Material provided
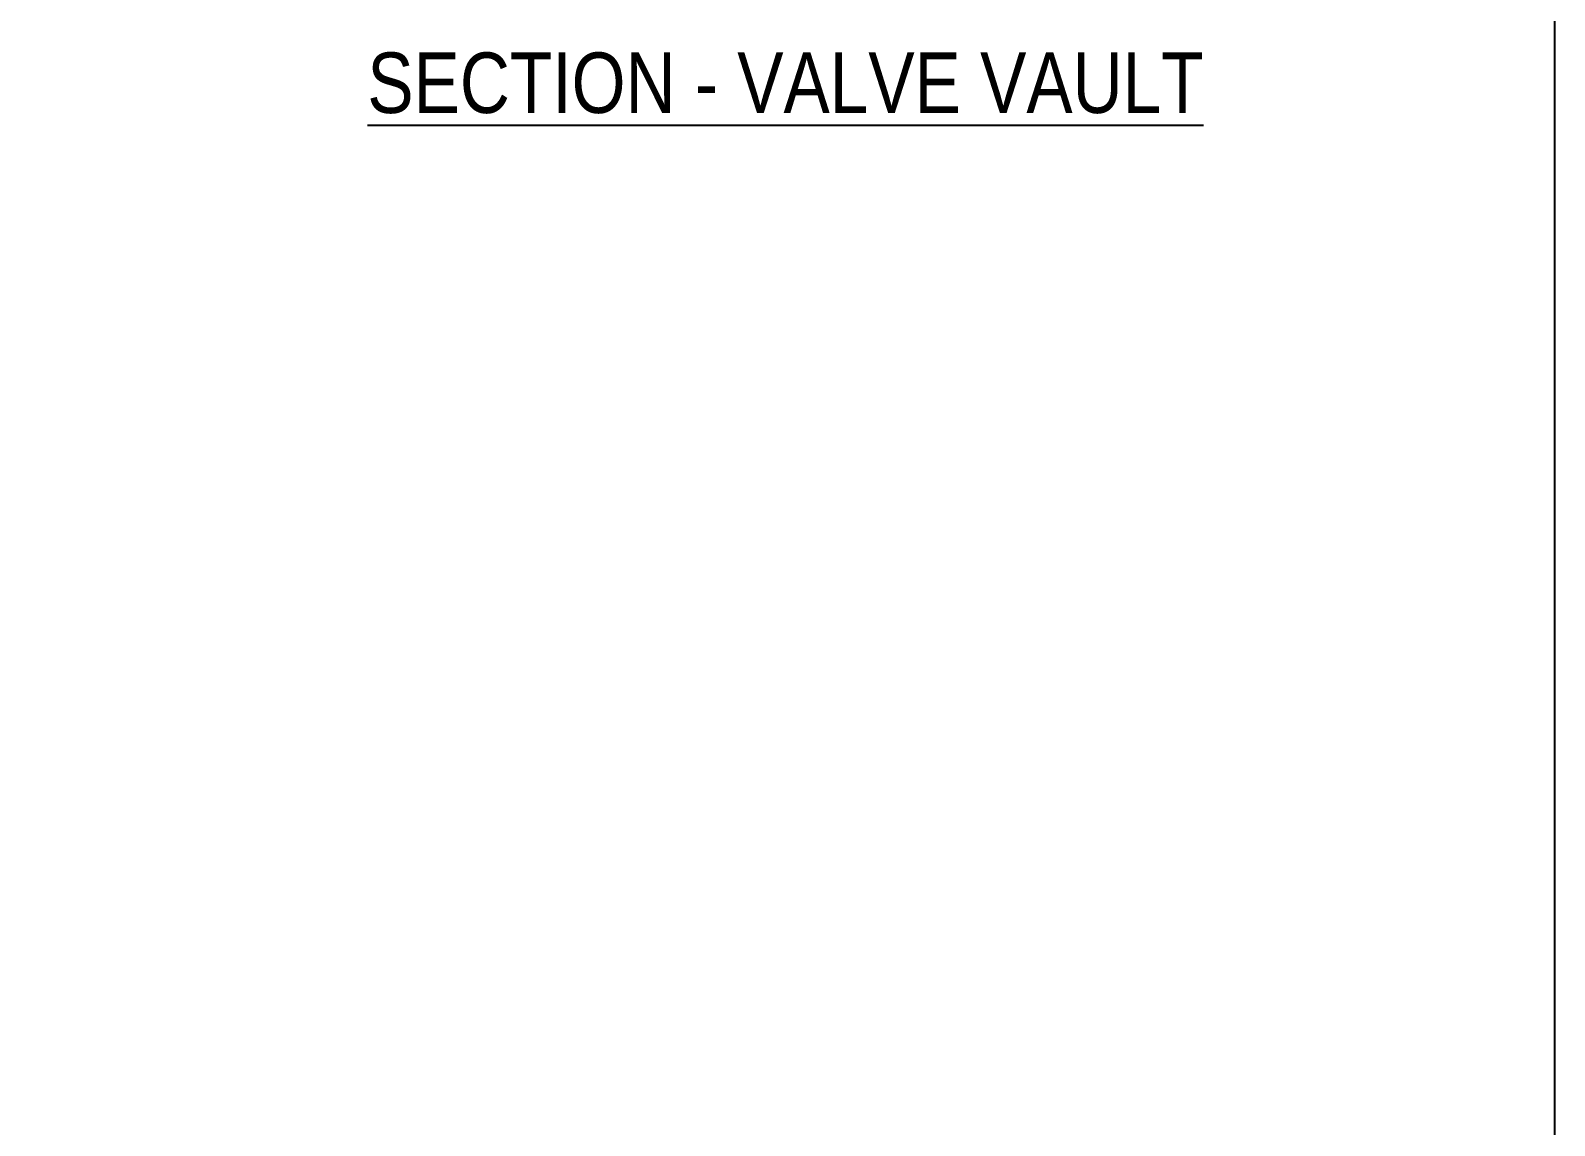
# Model space of a CAD drawing. Extents: x 0 to 216, y -5 to 280.
# Drawn here: x 156.1 to 216, y 75.9 to 118.9 of the extents above; entities that cross this region are included whole.
import ezdxf

# ---------------------------------------------------------------- set-up
doc = ezdxf.new("R2010")
doc.units = 0
doc.header["$LTSCALE"] = 10
doc.header["$MEASUREMENT"] = 0
doc.layers.get('0').update_dxf_attribs({"linetype": 'CONTINUOUS'})
for name, color, linetype in [('5244-LOGO$0$CADdetails-FRAME', 7, 'CONTINUOUS'), ('CADdetails-2-FINELIGHT', 2, 'CONTINUOUS'), ('CADdetails-7-FRAME', 7, 'CONTINUOUS')]:
    doc.layers.add(name, color=color, linetype=linetype)
doc.styles.add('CADdetails-NOTES', font='ARIALN.TTF', dxfattribs={"height": 2.38})

# ---------------------------------------------------------------- blocks, each defined once
blk = doc.blocks.new('5244-LOGO')
at = {"layer": '5244-LOGO$0$CADdetails-FRAME'}
blk.add_line((216, 280), (216, 0), dxfattribs=at)

msp = doc.modelspace()

# ---------------------------------------------------------------- linework, layer by layer
at = {"layer": 'CADdetails-7-FRAME'}
msp.add_lwpolyline([(0, 280), (216, 280), (216, 0), (0, 0)], close=True, dxfattribs=at)

# ---------------------------------------------------------------- block references
msp.add_blockref('5244-LOGO', (0, 0))

# ---------------------------------------------------------------- texts
at = {"layer": 'CADdetails-2-FINELIGHT', "insert": (185.771, 118.08), "char_height": 2.38, "attachment_point": 2, "style": 'CADdetails-NOTES'}
msp.add_mtext_dynamic_manual_height_columns('{\\LSECTION - VALVE VAULT}', width=33.04493, gutter_width=11.9, heights=[0], dxfattribs=at)

doc.saveas('drawing.dxf')
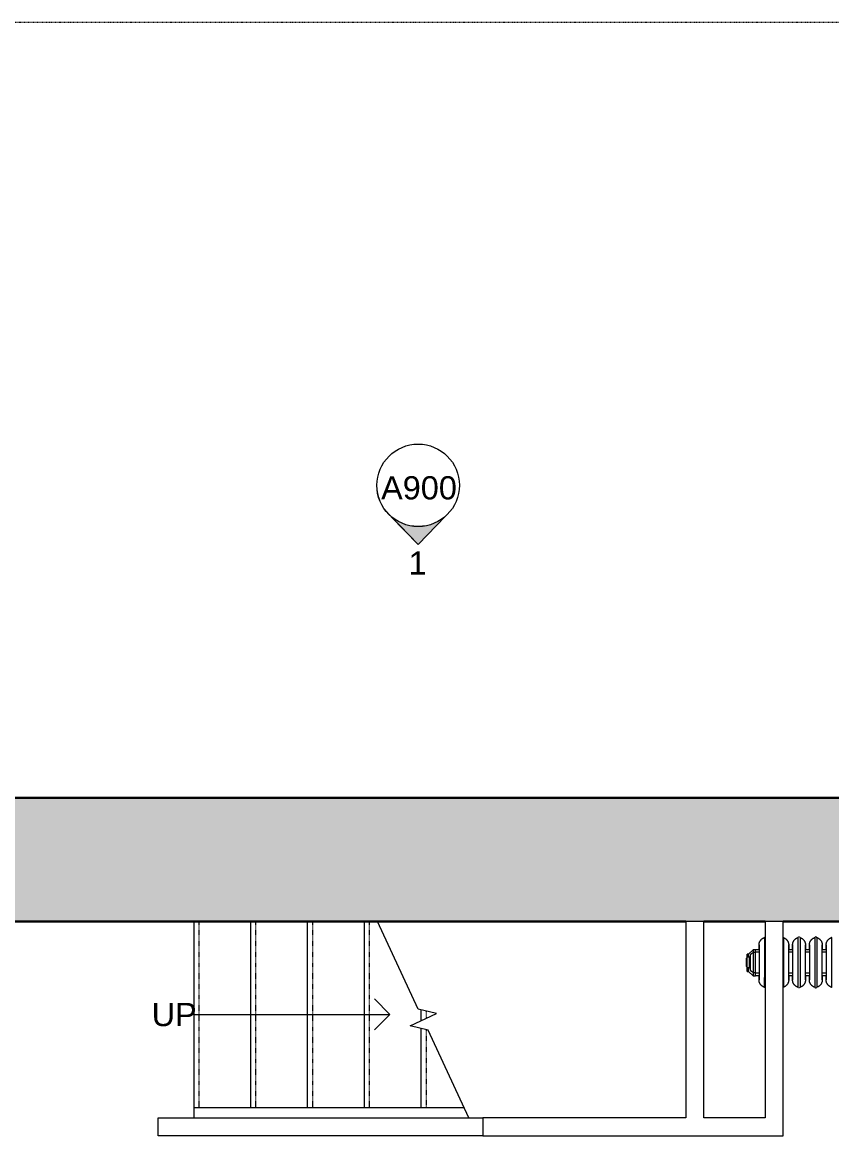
# Model space of a CAD drawing. Header units: inches. Extents: x -1287 to 1590, y -3558 to 989.
# Drawn here: x 69.1 to 225.9, y 773 to 988.8 of the extents above; entities that cross this region are included whole.
import ezdxf

# ---------------------------------------------------------------- set-up
doc = ezdxf.new("R2010")
doc.units = ezdxf.units.IN
doc.header["$MEASUREMENT"] = 0
doc.linetypes.add('Dash_2_', pattern=[0.25, 0.125, -0.125])
doc.linetypes.add('Overhead 1_16_', pattern=[0.101562, 0.0625, -0.039062])
for name, color, linetype, lineweight in [('A-GENM', 13, 'Continuous', 9), ('A-WALL', 113, 'Continuous', 18), ('A-WALL-PATT', 111, 'Continuous', 18), ('G-ANNO-SYMB', 111, 'Continuous', 9), ('I-WALL', 2, 'Continuous', 18), ('S-STRS', 31, 'Continuous', 18), ('S-STRS-ANNO', 31, 'Continuous', 9), ('S-STRS-IDEN', 31, 'Continuous', 9), ('S-STRS-MBND', 31, 'Continuous', 18)]:
    doc.layers.add(name, color=color, linetype=linetype, lineweight=lineweight)
doc.styles.add('Arial', font='arial.ttf', dxfattribs={"height": 4.5})
doc.styles.add('Swis721 Lt BT', font='swissl.ttf', dxfattribs={"height": 4.5})

# ---------------------------------------------------------------- blocks, each defined once
blk = doc.blocks.new('Cast_Iron_Radiator_8182 - Cast_Iron_Radiator_8182-V67-1st Floor Construction')
at = {"layer": 'A-GENM'}
for p, q in [((0.97, 4.81), (0.94, 4.85)), ((0.97, 1), (0.97, 4.81)), ((3.81, 4.85), (3.78, 4.81)), ((3.78, 1), (3.78, 4.81)), ((4, 4.93), (3.96, 4.93)), ((4.04, 4.93), (4, 4.93)), ((4.22, 4.81), (4.19, 4.85)), ((4.22, 1), (4.22, 4.81)), ((7.06, 4.85), (7.03, 4.81)), ((7.03, 1), (7.03, 4.81)), ((7.25, 4.93), (7.21, 4.93)), ((7.29, 4.93), (7.25, 4.93)), ((7.47, 4.81), (7.44, 4.85)), ((7.47, 1), (7.47, 4.81)), ((10.31, 4.85), (10.28, 4.81)), ((10.28, 1), (10.28, 4.81)), ((13.97, 4.81), (13.94, 4.85)), ((13.97, 1), (13.97, 4.81)), ((2.75, 2.56), (2, 2.56)), ((6, 2.56), (5.25, 2.56)), ((9.25, 2.56), (8.5, 2.56)), ((15.7, 2.56), (15, 2.56)), ((16.11, 2.57), (15.7, 2.57)), ((15.7, 2.57), (15.7, 2.56)), ((15.7, 2.55), (15.7, 2.44)), ((15.7, 2.45), (15.7, 2.3)), ((15.7, 2.29), (15.7, 2.02)), ((17.06, 1.77), (16.11, 2.57)), ((16.11, 1.92), (16.11, 2.57)), ((0.97, -1), (0.97, 1)), ((2.82, 2), (1.93, 2)), ((2, -1), (2, 1)), ((2.75, 1), (2.75, -1)), ((3.78, -1), (3.78, 1)), ((4.22, -1), (4.22, 1)), ((6.07, 2), (5.18, 2)), ((5.25, -1), (5.25, 1)), ((6, 1), (6, -1)), ((7.03, -1), (7.03, 1)), ((7.47, -1), (7.47, 1)), ((9.32, 2), (8.43, 2)), ((8.5, -1), (8.5, 1)), ((9.25, 1), (9.25, -1)), ((10.28, -1), (10.28, 1)), ((13.97, -1), (13.97, 1)), ((15.7, 2), (14.93, 2)), ((15, -1), (15, 1)), ((15.7, 2), (15.7, -2)), ((16.07, 1.93), (15.7, 1.93)), ((16.62, 1.55), (16.07, 1.93)), ((16.07, 1.93), (16.07, -1.93)), ((16.85, 0.99), (16.62, 1.55)), ((16.62, 1.55), (16.62, -1.55)), ((17.27, 0.99), (16.85, 0.99)), ((16.85, 0.99), (16.85, -0.99)), ((17.31, 1.77), (17.06, 1.77)), ((17.06, 1.77), (17.06, 1.01)), ((17.45, 0.82), (17.27, 0.99)), ((17.27, 0.99), (17.27, -0.99)), ((17.31, 1.77), (17.31, 0.96)), ((17.45, 0.82), (17.45, -0.82)), ((0.97, -4.81), (0.97, -1)), ((1.93, -2), (2.82, -2)), ((3.78, -4.81), (3.78, -1)), ((4.22, -4.81), (4.22, -1)), ((5.18, -2), (6.07, -2)), ((7.03, -4.81), (7.03, -1)), ((7.47, -4.81), (7.47, -1)), ((8.43, -2), (9.32, -2)), ((10.28, -4.81), (10.28, -1)), ((13.97, -4.81), (13.97, -1)), ((14.93, -2), (15.7, -2)), ((15.7, -1.93), (16.07, -1.93)), ((15.7, -2.01), (15.7, -2.19)), ((16.07, -1.93), (16.62, -1.55)), ((16.11, -2.44), (17.06, -1.63)), ((16.11, -2.44), (16.11, -1.94)), ((16.62, -1.55), (16.85, -0.99)), ((16.85, -0.99), (17.27, -0.99)), ((17.06, -1.03), (17.06, -1.63)), ((17.06, -1.63), (17.31, -1.63)), ((17.27, -0.99), (17.45, -0.82)), ((17.31, -0.98), (17.31, -1.63)), ((2, -2.44), (2.75, -2.44)), ((5.25, -2.44), (6, -2.44)), ((8.5, -2.44), (9.25, -2.44)), ((15, -2.44), (15.7, -2.44)), ((15.7, -2.19), (15.7, -2.3)), ((15.7, -2.29), (15.7, -2.44)), ((15.7, -2.44), (16.11, -2.44)), ((0.94, -4.85), (0.97, -4.81)), ((3.78, -4.81), (3.81, -4.85)), ((3.96, -4.93), (4, -4.93)), ((4, -4.93), (4.04, -4.93)), ((4.19, -4.85), (4.22, -4.81)), ((7.03, -4.81), (7.06, -4.85)), ((7.21, -4.93), (7.25, -4.93)), ((7.25, -4.93), (7.29, -4.93)), ((7.44, -4.85), (7.47, -4.81)), ((10.28, -4.81), (10.31, -4.85)), ((13.94, -4.85), (13.97, -4.81))]:
    blk.add_line(p, q, dxfattribs=at)
at = {"layer": 'A-GENM', "flags": 128}
for points in [[(0.92, 4.88), (0.93, 4.87), (0.93, 4.87), (0.93, 4.86), (0.94, 4.85), (0.94, 4.85)], [(0.97, 4.81), (1.02, 4.79), (1.08, 4.77), (1.14, 4.74), (1.19, 4.72), (1.24, 4.69), (1.29, 4.66), (1.34, 4.62), (1.39, 4.59), (1.44, 4.55), (1.49, 4.51), (1.53, 4.47), (1.57, 4.43), (1.61, 4.39), (1.65, 4.34), (1.69, 4.3), (1.73, 4.25), (1.76, 4.2), (1.79, 4.15), (1.82, 4.1), (1.85, 4.04), (1.87, 3.99), (1.9, 3.93), (1.92, 3.88), (1.94, 3.82), (1.95, 3.76), (1.97, 3.7), (1.98, 3.64), (1.99, 3.58), (2, 3.52), (2, 3.47), (2, 3.41), (2, 3.38)], [(2.75, 3.38), (2.75, 3.44), (2.75, 3.5), (2.76, 3.56), (2.77, 3.62), (2.78, 3.68), (2.79, 3.74), (2.81, 3.8), (2.82, 3.85), (2.84, 3.91), (2.87, 3.97), (2.89, 4.02), (2.92, 4.08), (2.95, 4.13), (2.98, 4.18), (3.01, 4.23), (3.04, 4.28), (3.08, 4.33), (3.12, 4.37), (3.16, 4.42), (3.2, 4.46), (3.25, 4.5), (3.29, 4.54), (3.34, 4.58), (3.39, 4.61), (3.44, 4.65), (3.49, 4.68), (3.54, 4.71), (3.59, 4.73), (3.65, 4.76), (3.7, 4.78), (3.76, 4.8)], [(3.81, 4.85), (3.81, 4.85), (3.82, 4.86), (3.82, 4.87), (3.83, 4.87), (3.83, 4.88)], [(3.84, 4.89), (3.85, 4.89), (3.85, 4.9), (3.86, 4.9), (3.87, 4.9)], [(3.88, 4.91), (3.88, 4.92), (3.89, 4.92), (3.9, 4.92), (3.91, 4.92), (3.91, 4.93)], [(4.09, 4.93), (4.1, 4.92), (4.1, 4.92), (4.11, 4.92), (4.12, 4.91), (4.12, 4.91)], [(4.14, 4.9), (4.14, 4.9), (4.15, 4.9), (4.15, 4.89), (4.16, 4.89)], [(4.17, 4.88), (4.18, 4.87), (4.18, 4.87), (4.18, 4.86), (4.19, 4.85), (4.19, 4.85)], [(4.22, 4.81), (4.27, 4.79), (4.33, 4.77), (4.39, 4.74), (4.44, 4.72), (4.49, 4.69), (4.54, 4.66), (4.59, 4.62), (4.64, 4.59), (4.69, 4.55), (4.74, 4.51), (4.78, 4.47), (4.82, 4.43), (4.86, 4.39), (4.9, 4.34), (4.94, 4.3), (4.98, 4.25), (5.01, 4.2), (5.04, 4.15), (5.07, 4.1), (5.1, 4.04), (5.12, 3.99), (5.15, 3.93), (5.17, 3.88), (5.19, 3.82), (5.2, 3.76), (5.22, 3.7), (5.23, 3.64), (5.24, 3.58), (5.25, 3.52), (5.25, 3.47), (5.25, 3.41), (5.25, 3.38)], [(6, 3.38), (6, 3.44), (6, 3.5), (6.01, 3.56), (6.02, 3.62), (6.03, 3.68), (6.04, 3.74), (6.06, 3.8), (6.07, 3.85), (6.09, 3.91), (6.12, 3.97), (6.14, 4.02), (6.17, 4.08), (6.2, 4.13), (6.23, 4.18), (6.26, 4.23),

Your objective
Of the entries above, repeat exactly the lines between the line with "doc.units = ezdxf.units.IN" and the line with "pattern=[0.101562, 0.0625, -0.039062])", inclusive, and no others.

Answer box
doc.units = ezdxf.units.IN
doc.header["$MEASUREMENT"] = 0
doc.linetypes.add('Dash_2_', pattern=[0.25, 0.125, -0.125])
doc.linetypes.add('Overhead 1_16_', pattern=[0.101562, 0.0625, -0.039062])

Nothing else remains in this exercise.